The County of Geneva, largely corresponding to the later Genevois province, originated in the tenth century, in the Burgundian Kingdom of Arles (Arelat) which fell to the Holy Roman Empire in 1032.

History
Several nobles had held the title of a Count of Geneva in Upper Burgundy (Bourgogne transjurane) from the 9th century. The progenitor of the Counts of Geneva was Conrad I, possible count palatine of Burgundy, in Vienne. Count Cono/Conrad died about 1003 in exile, during the Hermann II's rebellion (his brother duke of Swabia, of Conradines lineage). Their son, Robert, count of Geneva, was born about 970 and died about 1020. 
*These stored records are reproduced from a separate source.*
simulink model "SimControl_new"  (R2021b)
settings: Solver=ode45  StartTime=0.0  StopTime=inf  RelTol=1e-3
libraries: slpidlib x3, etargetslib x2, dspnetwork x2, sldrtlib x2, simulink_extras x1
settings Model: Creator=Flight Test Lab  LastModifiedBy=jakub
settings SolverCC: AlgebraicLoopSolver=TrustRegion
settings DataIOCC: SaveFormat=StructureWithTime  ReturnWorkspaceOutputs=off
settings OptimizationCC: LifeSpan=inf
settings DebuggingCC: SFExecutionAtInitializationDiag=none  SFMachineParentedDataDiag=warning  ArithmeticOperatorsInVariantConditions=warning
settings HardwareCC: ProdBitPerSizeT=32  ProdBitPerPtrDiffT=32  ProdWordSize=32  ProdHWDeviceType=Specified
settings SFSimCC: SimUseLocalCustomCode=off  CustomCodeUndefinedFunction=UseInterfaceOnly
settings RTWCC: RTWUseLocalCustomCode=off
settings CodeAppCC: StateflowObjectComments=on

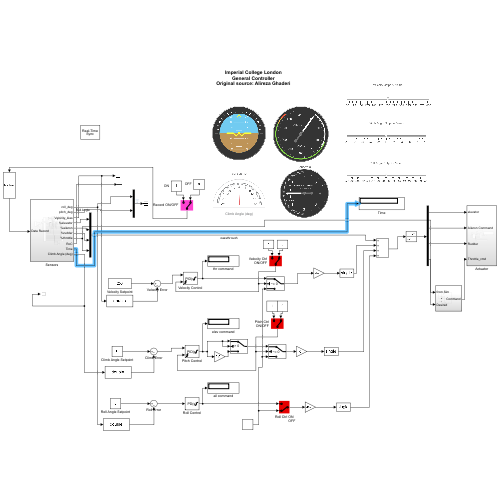
[thumbnail: Simulink's stored preview of the top-level diagram]
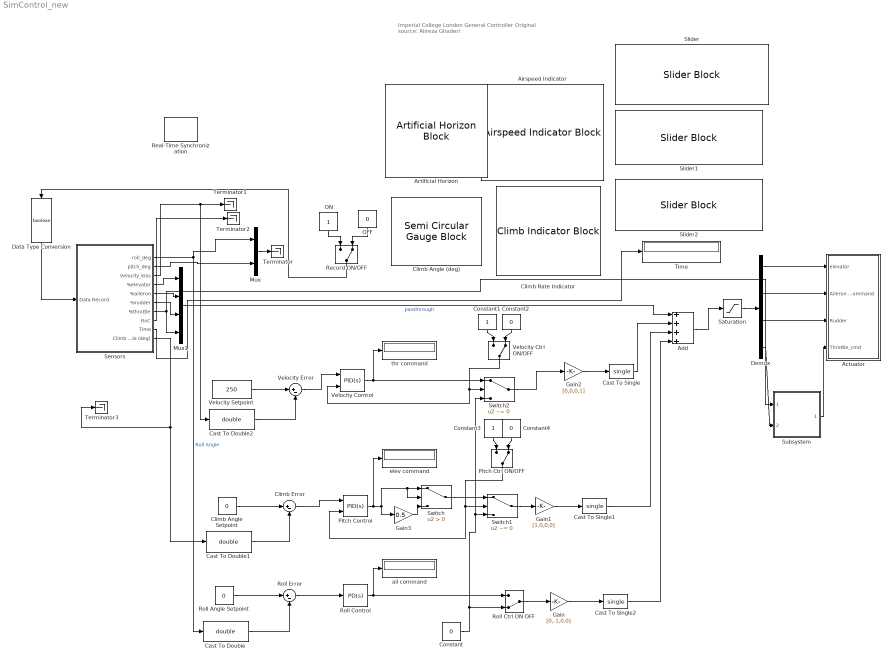
== system SimControl_new ==
  note: Imperial College London
      | General Controller
      | Original source: Alireza Ghaderi
  Actuator : Subsystem
  Add : Sum  Inputs=++++
  Airspeed Indicator : AirspeedIndicatorBlock  LabelPosition=Hide  ScaleMin=0  ScaleMax=450
  Artificial Horizon : ArtificialHorizonBlock  LabelPosition=Hide
  Cast To Double : DataTypeConversion  OutDataTypeStr=double
  Cast To Double1 : DataTypeConversion  OutDataTypeStr=double
  Cast To Double2 : DataTypeConversion  OutDataTypeStr=double
  Cast To Single : DataTypeConversion  OutDataTypeStr=single
  Cast To Single1 : DataTypeConversion  OutDataTypeStr=single
  Cast To Single2 : DataTypeConversion  OutDataTypeStr=single
  Climb Angle (deg) : SemiCircularGaugeBlock  ScaleMin=-20  ScaleMax=20
  Climb Angle Setpoint : Constant  Value=0
  Climb Error : Sum  Inputs=|+-
  Climb Rate Indicator : ClimbIndicatorBlock
  Constant : Constant  Value=0
  Constant1 : Constant
  Constant2 : Constant  Value=0
  Constant3 : Constant
  Constant4 : Constant  Value=0
  Data Type Conversion : DataTypeConversion  OutDataTypeStr=boolean
  Demux : Demux
  Gain : Gain  Gain=[0,-1,0,0]
  Gain1 : Gain  Gain=[1,0,0,0]
  Gain2 : Gain  Gain=[0,0,0,1]
  Gain3 : Gain  Gain=0.5
  Mux : Mux  Inputs=2
  Mux1 : Mux
  OFF : Constant  Value=0
  ON : Constant
  Pitch Control : slpidlib/PID Controller  Controller=PID  Form=Parallel  TimeDomain=Continuous-time  UseExternalTs=off  SampleTime=-1  IntegratorMethod=Forward Euler  FilterMethod=Forward Euler  ControllerParametersSource=internal  P=0.15  I=0.04  D=0.05  UseFilter=on  N=100  TunerSelectOption=Transfer Function Based (PID Tuner App)  InitialConditionSource=internal  InitialConditionForIntegrator=0  InitialConditionForFilter=0  DifferentiatorICPrevScaledInput=0  ExternalReset=rising  TrackingMode=off  Kt=1  LimitOutput=on  SatLimitsSource=internal  UpperSaturationLimit=1  LowerSaturationLimit=-2  LinearizeAsGain=on  AntiWindupMode=clamping  Kb=1  POutMin=[]  POutMax=[]  IOutMin=[]  IOutMax=[]  DOutMin=[]  DOutMax=[]  NOutMin=[]  NOutMax=[]  SumOutMin=[]  SumOutMax=[]  SaturationOutMin=[]  SaturationOutMax=[]  PParamMin=[]  PParamMax=[]  IParamMin=[]  IParamMax=[]  DParamMin=[]  DParamMax=[]  NParamMin=[]  NParamMax=[]  KbParamMin=[]  KbParamMax=[]  KtParamMin=[]  KtParamMax=[]  KbOutMin=[]  KbOutMax=[]  KtOutMin=[]  KtOutMax=[]  IntegratorOutMin=[]  IntegratorOutMax=[]  FilterOutMin=[]  FilterOutMax=[]  SumI1OutMin=[]  SumI1OutMax=[]  SumI2OutMin=[]  SumI2OutMax=[]  SumI3OutMin=[]  SumI3OutMax=[]  SumI4OutMin=[]  SumI4OutMax=[]  SumDOutMin=[]  SumDOutMax=[]  DifferentiatorOutMin=[]  DifferentiatorOutMax=[]  FilterDiffOutCoefMin=[]  FilterDiffOutCoefMax=[]  ReciprocalOutMin=[]  ReciprocalOutMax=[]  SumDenOutMin=[]  SumDenOutMax=[]  SumNumOutMin=[]  SumNumOutMax=[]  DivideOutMin=[]  DivideOutMax=[]  UdiffTsProdOutMin=[]  UdiffTsProdOutMax=[]  NTsProdOutMin=[]  NTsProdOutMax=[]  UintegralTsProdOutMin=[]  UintegralTsProdOutMax=[]  UngainTsProdOutMin=[]  UngainTsProdOutMax=[]  IntegratorContinuousStateAttributes=''  IntegratorStateMustResolveToSignalObject=off  IntegratorRTWStateStorageClass=Auto  FilterContinuousStateAttributes=''  FilterStateMustResolveToSignalObject=off  FilterRTWStateStorageClass=Auto  ParallelPVariant=InternalParameters  IdealPVariant=Disabled  IVariant=InternalParameters  DVariant=InternalParameters  IntegratorVariant=Continuous  SatVariant=Enabled  AWVariant=ContClampingParallel  PCopyVariant=Disabled  TRVariant=Disabled  FdbkBlocksVariant=Forward  IdealPFdbkVariant=Disabled  SatFdbkVariant=Disabled  DerivativeFilterVariant=ContFilter  NVariant=InternalParameters  NCopyVariant=Disabled  FilterICVariant=InternalICsFilter  IntegratorICVariant=InternalICs  ExternalResetVariant=ExternalReset  TRSumVariant=Passthrough  SumFdbkVariant=Disabled  SumVariant=Sum_PID  TsampFilterVariant=InternalTs  TsampNgainVariant=Passthrough  TsampIntegralVariant=Passthrough  ExternalSaturationOutDataTypeStr=Inherit: Same as second input
  Pitch Ctrl ON/OFF : ManualSwitch  CurrentSetting=0
  Real-Time Synchronization : sldrtlib/Real-Time Synchronization  SampleTime=0.05  MaxMissedTicks=100  ShowMissedTicks=off  YieldWhenWaiting=off
  Record ON/OFF : ManualSwitch  CurrentSetting=0
  Roll Angle Setpoint : Constant  Value=0
  Roll Control : slpidlib/PID Controller  Controller=PD  Form=Parallel  TimeDomain=Continuous-time  UseExternalTs=off  SampleTime=-1  IntegratorMethod=Forward Euler  FilterMethod=Forward Euler  ControllerParametersSource=internal  P=-0.7  I=1  D=-0.05  UseFilter=on  N=100  TunerSelectOption=Transfer Function Based (PID Tuner App)  InitialConditionSource=internal  InitialConditionForIntegrator=0  InitialConditionForFilter=0  DifferentiatorICPrevScaledInput=0  ExternalReset=none  TrackingMode=off  Kt=1  LimitOutput=on  SatLimitsSource=internal  UpperSaturationLimit=1  LowerSaturationLimit=-1  LinearizeAsGain=on  AntiWindupMode=none  Kb=1  POutMin=[]  POutMax=[]  IOutMin=[]  IOutMax=[]  DOutMin=[]  DOutMax=[]  NOutMin=[]  NOutMax=[]  SumOutMin=[]  SumOutMax=[]  SaturationOutMin=[]  SaturationOutMax=[]  PParamMin=[]  PParamMax=[]  IParamMin=[]  IParamMax=[]  DParamMin=[]  DParamMax=[]  NParamMin=[]  NParamMax=[]  KbParamMin=[]  KbParamMax=[]  KtParamMin=[]  KtParamMax=[]  KbOutMin=[]  KbOutMax=[]  KtOutMin=[]  KtOutMax=[]  IntegratorOutMin=[]  IntegratorOutMax=[]  FilterOutMin=[]  FilterOutMax=[]  SumI1OutMin=[]  SumI1OutMax=[]  SumI2OutMin=[]  SumI2OutMax=[]  SumI3OutMin=[]  SumI3OutMax=[]  SumI4OutMin=[]  SumI4OutMax=[]  SumDOutMin=[]  SumDOutMax=[]  DifferentiatorOutMin=[]  DifferentiatorOutMax=[]  FilterDiffOutCoefMin=[]  FilterDiffOutCoefMax=[]  ReciprocalOutMin=[]  ReciprocalOutMax=[]  SumDenOutMin=[]  SumDenOutMax=[]  SumNumOutMin=[]  SumNumOutMax=[]  DivideOutMin=[]  DivideOutMax=[]  UdiffTsProdOutMin=[]  UdiffTsProdOutMax=[]  NTsProdOutMin=[]  NTsProdOutMax=[]  UintegralTsProdOutMin=[]  UintegralTsProdOutMax=[]  UngainTsProdOutMin=[]  UngainTsProdOutMax=[]  IntegratorContinuousStateAttributes=''  IntegratorStateMustResolveToSignalObject=off  IntegratorRTWStateStorageClass=Auto  FilterContinuousStateAttributes=''  FilterStateMustResolveToSignalObject=off  FilterRTWStateStorageClass=Auto  ParallelPVariant=InternalParameters  IdealPVariant=Disabled  IVariant=Disabled  DVariant=InternalParameters  IntegratorVariant=Disabled  SatVariant=Enabled  AWVariant=Disabled  PCopyVariant=Disabled  TRVariant=Disabled  FdbkBlocksVariant=Forward  IdealPFdbkVariant=Disabled  SatFdbkVariant=Disabled  DerivativeFilterVariant=ContFilter  NVariant=InternalParameters  NCopyVariant=Disabled  FilterICVariant=InternalICsFilter  IntegratorICVariant=Disabled  ExternalResetVariant=Disabled  TRSumVariant=Passthrough  SumFdbkVariant=Disabled  SumVariant=Sum_PD  TsampFilterVariant=InternalTs  TsampNgainVariant=Passthrough  TsampIntegralVariant=Disabled_SignalSpec  ExternalSaturationOutDataTypeStr=Inherit: Same as second input
  Roll Ctrl ON OFF : ManualSwitch  CurrentSetting=0
  Roll Error : Sum  Inputs=|+-
  Saturation : Saturate  UpperLimit=[1,1,1,1]  LowerLimit=[-1,-1,-1,0]
  Sensors : Subsystem
  Slider : SliderBlock  ScaleMin=100  ScaleMax=400
  Slider1 : SliderBlock  ScaleMin=-10  ScaleMax=10  TickInterval=2
  Slider2 : SliderBlock  ScaleMin=-45  ScaleMax=45
  Subsystem : Subsystem
  Switch : Switch  Criteria=u2 > Threshold
  Switch1 : Switch  Criteria=u2 ~= 0
  Switch2 : Switch  Criteria=u2 ~= 0
  Terminator{,1..3} (4 alike) : Terminator
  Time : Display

The county never played a major part as a feudal entity. The city of Geneva and its environs were retained, but the approaches to the western end of Lake Geneva, which had made the position strategic, were soon lost. In 1124, the Bishops of Geneva had their rule over the city acknowledged and continued to make themselves an independent force, while the Counts of Savoy encircled the territory and controlled the trade routes. From 1219 on, the counts' stronghold and capital was Annecy.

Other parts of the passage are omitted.